I figured that was coming.  I couldn't remember the score, or how that game played out.


----------



## Danuwoa (Aug 8, 2014)

SpotandStalk said:


> I can admit the Noles were getting whooped the 1st quarter and a half but regained composure and won the game.
> 
> Why can't the SEC guys admit they fielded their best team and got beat?



I think you've got me confused with somebody else.  I'm a UGA fan.  I am not an SEC fan.  And have never said that FSU's victory in that game was not legit.  Never said anything of the kind.  It was the FSU people who seem to want to make excuses about any success that Auburn had with this weird story about a coach supposedly stealing signals.  I haven't heard any Auburn people suggest that FSU cheated in any way or that their victory was somehow not legit.

We can debate as to whether or not Auburn was the best team in the conference but it seems like a waste of time.

Seems like for the FSU people, that victory was not over a auburn but over the SEC.  That's all I've seen posted here from you folks is bragging about beating the SEC and that the SEC will not win another title for at least ten years etc.

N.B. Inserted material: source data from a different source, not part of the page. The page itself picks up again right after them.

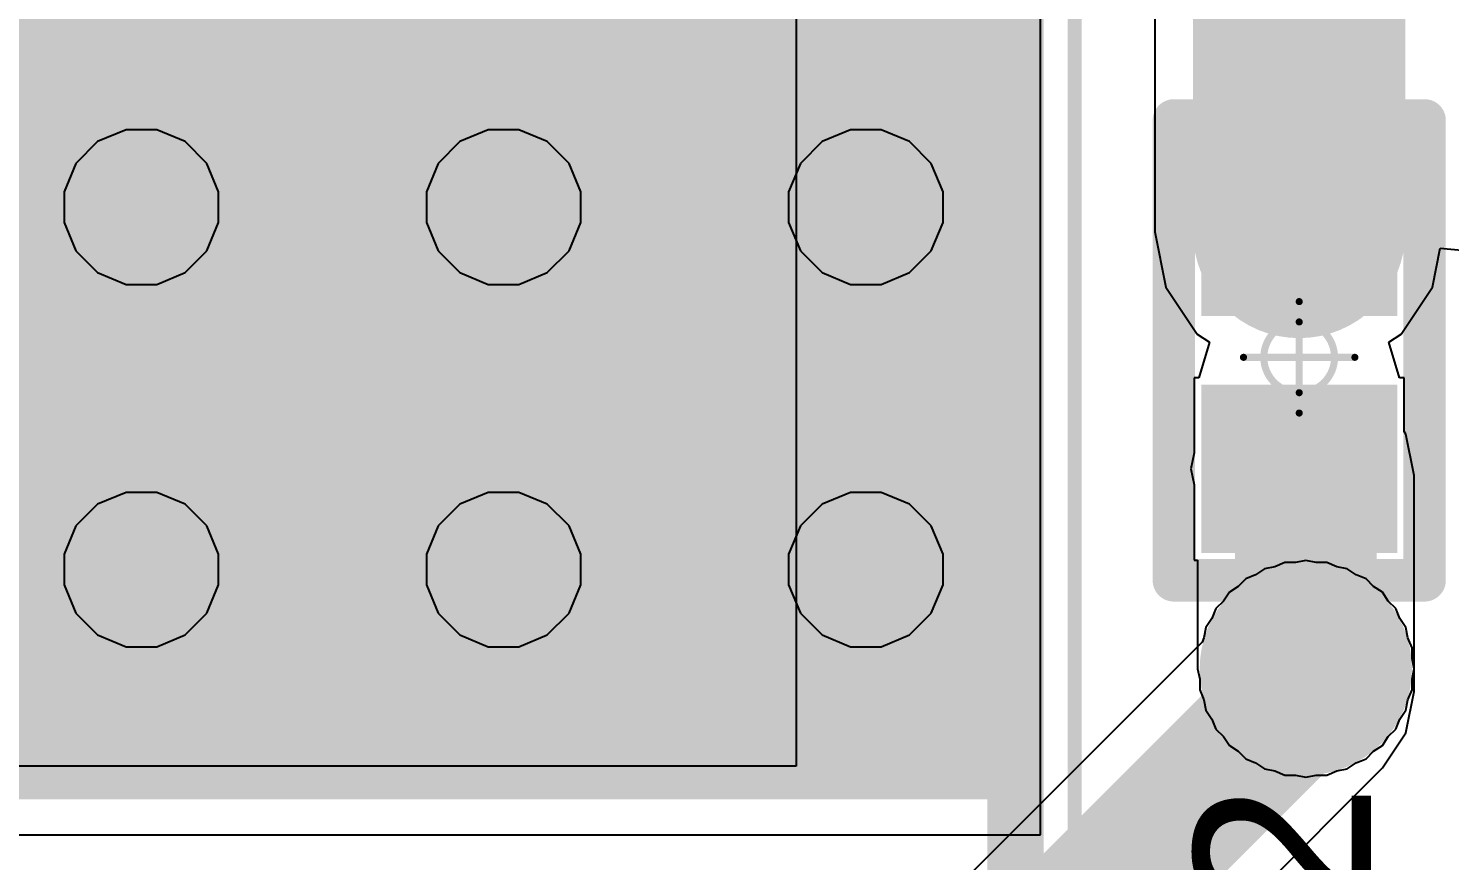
# Model space of a CAD drawing. Header units: inches. Extents: x -0.16 to 1.47, y -0.24 to 2.31.
# Drawn here: x 0.9183 to 1.1191, y 0.1397 to 0.2572 of the extents above; entities that cross this region are included whole.
import ezdxf

# ---------------------------------------------------------------- set-up
doc = ezdxf.new("R2010")
doc.units = ezdxf.units.IN
doc.header["$MEASUREMENT"] = 0
for name, color, linetype in [('Bottom Layer', 5, 'Continuous'), ('Bottom Solder', 6, 'Continuous'), ('GND', 76, 'Continuous'), ('Mechanical 13', 56, 'Continuous'), ('Mechanical 15', 56, 'Continuous'), ('Multi-Layer', 9, 'Continuous'), ('Pad Holes', 156, 'Continuous'), ('POWER', 16, 'Continuous'), ('Top Layer', 1, 'Continuous'), ('Top Overlay', 2, 'Continuous'), ('Top Paste', 8, 'Continuous'), ('Top Solder', 216, 'Continuous'), ('Via Holes', 16, 'Continuous')]:
    doc.layers.add(name, color=color, linetype=linetype)
doc.styles.add('Arial', font='', dxfattribs={"height": 0.2})
doc.styles.get('Arial').set_extended_font_data('Arial')

# ---------------------------------------------------------------- blocks, each defined once
blk = doc.blocks.new('R_0402_L_18')
at = {"layer": 'Top Layer'}
for points in [[(-0.02363, 0.00984), (-0.00788, 0.00984), (-0.00788, -0.00985), (-0.02363, -0.00985)], [(0.00984, 0.00984), (0.02559, 0.00984), (0.02559, -0.00985), (0.00984, -0.00985)]]:
    blk.add_hatch(color=1, dxfattribs=at).paths.add_polyline_path(points)
at = {"layer": 'Top Paste'}
for points in [[(-0.02363, 0.00984), (-0.00788, 0.00984), (-0.00788, -0.00985), (-0.02363, -0.00985)], [(0.00984, 0.00984), (0.02559, 0.00984), (0.02559, -0.00985), (0.00984, -0.00985)]]:
    blk.add_hatch(color=8, dxfattribs=at).paths.add_polyline_path(points)
at = {"layer": 'Top Solder'}
for points in [[(-0.02763, 0.01384), (-0.00388, 0.01384), (-0.00388, -0.01385), (-0.02763, -0.01385)], [(0.00584, 0.01384), (0.02959, 0.01384), (0.02959, -0.01385), (0.00584, -0.01385)]]:
    blk.add_hatch(color=216, dxfattribs=at).paths.add_polyline_path(points)
at = {"layer": 'Mechanical 15'}
for points in [[(0, 0.00787, 0.001, 0.001, 0), (0, -0.00787, 0.001, 0.001, 0)], [(-0.00787, 0, 0.001, 0.001, 0), (0.00787, 0, 0.001, 0.001, 0)]]:
    blk.add_lwpolyline(points, format="xyseb", dxfattribs=at)
for points in [[(-0.00025, 0.00787, 0.0005, 0.0005, 1), (0.00025, 0.00787, 0.0005, 0.0005, 1)], [(0.005, 0, 0.001, 0.001, 1), (-0.005, 0, 0.001, 0.001, 1)], [(-0.00812, 0, 0.0005, 0.0005, 1), (-0.00762, 0, 0.0005, 0.0005, 1)], [(-0.00525, 0, 0.0005, 0.0005, 1), (-0.00475, 0, 0.0005, 0.0005, 1)], [(0.00475, 0, 0.0005, 0.0005, 1), (0.00525, 0, 0.0005, 0.0005, 1)], [(0.00762, 0, 0.0005, 0.0005, 1), (0.00812, 0, 0.0005, 0.0005, 1)], [(-0.00025, -0.00787, 0.0005, 0.0005, 1), (0.00025, -0.00787, 0.0005, 0.0005, 1)]]:
    blk.add_lwpolyline(points, format="xyseb", close=True, dxfattribs=at)
at = {"layer": 'Top Overlay'}
for points in [[(-0.0315, 0.01771, 0.006, 0.006, 0), (-0.0315, -0.01772, 0.006, 0.006, 0)], [(-0.0315, 0.01771, 0.006, 0.006, 0), (0.03346, 0.01771, 0.006, 0.006, 0)], [(0.03346, 0.01771, 0.006, 0.006, 0), (0.03346, -0.01772, 0.006, 0.006, 0)], [(-0.0315, -0.01772, 0.006, 0.006, 0), (0.03346, -0.01772, 0.006, 0.006, 0)]]:
    blk.add_lwpolyline(points, format="xyseb", dxfattribs=at)
for points in [[(-0.033, 0.01771, 0.003, 0.003, 1), (-0.03, 0.01771, 0.003, 0.003, 1)], [(-0.033, 0.01771, 0.003, 0.003, 1), (-0.03, 0.01771, 0.003, 0.003, 1)], [(0.03196, 0.01771, 0.003, 0.003, 1), (0.03496, 0.01771, 0.003, 0.003, 1)], [(0.03196, 0.01771, 0.003, 0.003, 1), (0.03496, 0.01771, 0.003, 0.003, 1)], [(-0.033, -0.01772, 0.003, 0.003, 1), (-0.03, -0.01772, 0.003, 0.003, 1)], [(-0.033, -0.01772, 0.003, 0.003, 1), (-0.03, -0.01772, 0.003, 0.003, 1)], [(0.03196, -0.01772, 0.003, 0.003, 1), (0.03496, -0.01772, 0.003, 0.003, 1)], [(0.03196, -0.01772, 0.003, 0.003, 1), (0.03496, -0.01772, 0.003, 0.003, 1)]]:
    blk.add_lwpolyline(points, format="xyseb", close=True, dxfattribs=at)
blk = doc.blocks.new('VREG_LM5017MR_NOPB_22')
at = {"layer": 'Bottom Layer'}
h = blk.add_hatch(color=5, dxfattribs=at)
edge = h.paths.add_edge_path()
edge.add_arc((-0.02559, 0.07677), 0.00591, 0, 360)
h = blk.add_hatch(color=5, dxfattribs=at)
edge = h.paths.add_edge_path()
edge.add_arc((0.02559, 0.07677), 0.00591, 0, 360)
h = blk.add_hatch(color=5, dxfattribs=at)
edge = h.paths.add_edge_path()
edge.add_arc((-0.02559, 0.02559), 0.00591, 0, 360)
h = blk.add_hatch(color=5, dxfattribs=at)
edge = h.paths.add_edge_path()
edge.add_arc((0.02559, 0.02559), 0.00591, 0, 360)
h = blk.add_hatch(color=5, dxfattribs=at)
edge = h.paths.add_edge_path()
edge.add_arc((-0.02559, -0.02559), 0.00591, 0, 360)
h = blk.add_hatch(color=5, dxfattribs=at)
edge = h.paths.add_edge_path()
edge.add_arc((0.02559, -0.02559), 0.00591, 0, 360)
at = {"layer": 'Bottom Solder'}
h = blk.add_hatch(color=6, dxfattribs=at)
edge = h.paths.add_edge_path()
edge.add_arc((-0.02559, 0.07677), 0.00991, 0, 360)
h = blk.add_hatch(color=6, dxfattribs=at)
edge = h.paths.add_edge_path()
edge.add_arc((0.02559, 0.07677), 0.00991, 0, 360)
h = blk.add_hatch(color=6, dxfattribs=at)
edge = h.paths.add_edge_path()
edge.add_arc((-0.02559, 0.02559), 0.00991, 0, 360)
h = blk.add_hatch(color=6, dxfattribs=at)
edge = h.paths.add_edge_path()
edge.add_arc((0.02559, 0.02559), 0.00991, 0, 360)
h = blk.add_hatch(color=6, dxfattribs=at)
edge = h.paths.add_edge_path()
edge.add_arc((-0.02559, -0.02559), 0.00991, 0, 360)
h = blk.add_hatch(color=6, dxfattribs=at)
edge = h.paths.add_edge_path()
edge.add_arc((0.02559, -0.02559), 0.00991, 0, 360)
at = {"layer": 'GND'}
h = blk.add_hatch(color=76, dxfattribs=at)
edge = h.paths.add_edge_path()
edge.add_arc((-0.02559, 0.07677), 0.01394, 0, 360)
h = blk.add_hatch(color=76, dxfattribs=at)
edge = h.paths.add_edge_path()
edge.add_arc((0.02559, 0.07677), 0.01394, 0, 360)
h = blk.add_hatch(color=76, dxfattribs=at)
edge = h.paths.add_edge_path()
edge.add_arc((-0.02559, 0.02559), 0.01394, 0, 360)
h = blk.add_hatch(color=76, dxfattribs=at)
edge = h.paths.add_edge_path()
edge.add_arc((0.02559, 0.02559), 0.01394, 0, 360)
h = blk.add_hatch(color=76, dxfattribs=at)
edge = h.paths.add_edge_path()
edge.add_arc((-0.02559, -0.02559), 0.01394, 0, 360)
h = blk.add_hatch(color=76, dxfattribs=at)
edge = h.paths.add_edge_path()
edge.add_arc((0.02559, -0.02559), 0.01394, 0, 360)
at = {"layer": 'Multi-Layer'}
h = blk.add_hatch(color=9, dxfattribs=at)
edge = h.paths.add_edge_path()
edge.add_arc((-0.02559, 0.07677), 0.00591, 0, 360)
h = blk.add_hatch(color=9, dxfattribs=at)
edge = h.paths.add_edge_path()
edge.add_arc((0.02559, 0.07677), 0.00591, 0, 360)
h = blk.add_hatch(color=9, dxfattribs=at)
edge = h.paths.add_edge_path()
edge.add_arc((-0.02559, 0.02559), 0.00591, 0, 360)
h = blk.add_hatch(color=9, dxfattribs=at)
edge = h.paths.add_edge_path()
edge.add_arc((0.02559, 0.02559), 0.00591, 0, 360)
h = blk.add_hatch(color=9, dxfattribs=at)
edge = h.paths.add_edge_path()
edge.add_arc((-0.02559, -0.02559), 0.00591, 0, 360)
h = blk.add_hatch(color=9, dxfattribs=at)
edge = h.paths.add_edge_path()
edge.add_arc((0.02559, -0.02559), 0.00591, 0, 360)
at = {"layer": 'Pad Holes'}
h = blk.add_hatch(color=7, dxfattribs=at)
edge = h.paths.add_edge_path()
edge.add_arc((-0.02559, 0.07677), 0.00394, 0, 360)
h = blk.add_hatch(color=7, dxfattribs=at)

I personally don't care because like I said I'm a UGA fan rather than a conference fan.  But it's pretty clear to me that the whole conference issue is y'all's problem more than it is anyone else's.


----------



## Fishing Cop (Aug 8, 2014)

tell sackett said:


> Well, he is #1 among SEC qbs for weed arrests.


----------



## RipperIII (Aug 8, 2014)

South GA Dawg said:


> I think you've got me confused with somebody else.  I'm a UGA fan.  I am not an SEC fan.  And have never said that FSU's victory in that game was not legit.  Never said anything of the kind.  It was the FSU people who seem to want to make excuses about any success that Auburn had with this weird story about a coach supposedly stealing signals.  I haven't heard any Auburn people suggest that FSU cheated in any way or that their victory was somehow not legit.
> 
> We can debate as to whether or not Auburn was the best team in the conference but it seems like a waste of time.
> 
> ...



True Dat


----------



## RipperIII (Aug 8, 2014)

rex upshaw said:


> Because nobody believes that Auburn was the best team in the SEC.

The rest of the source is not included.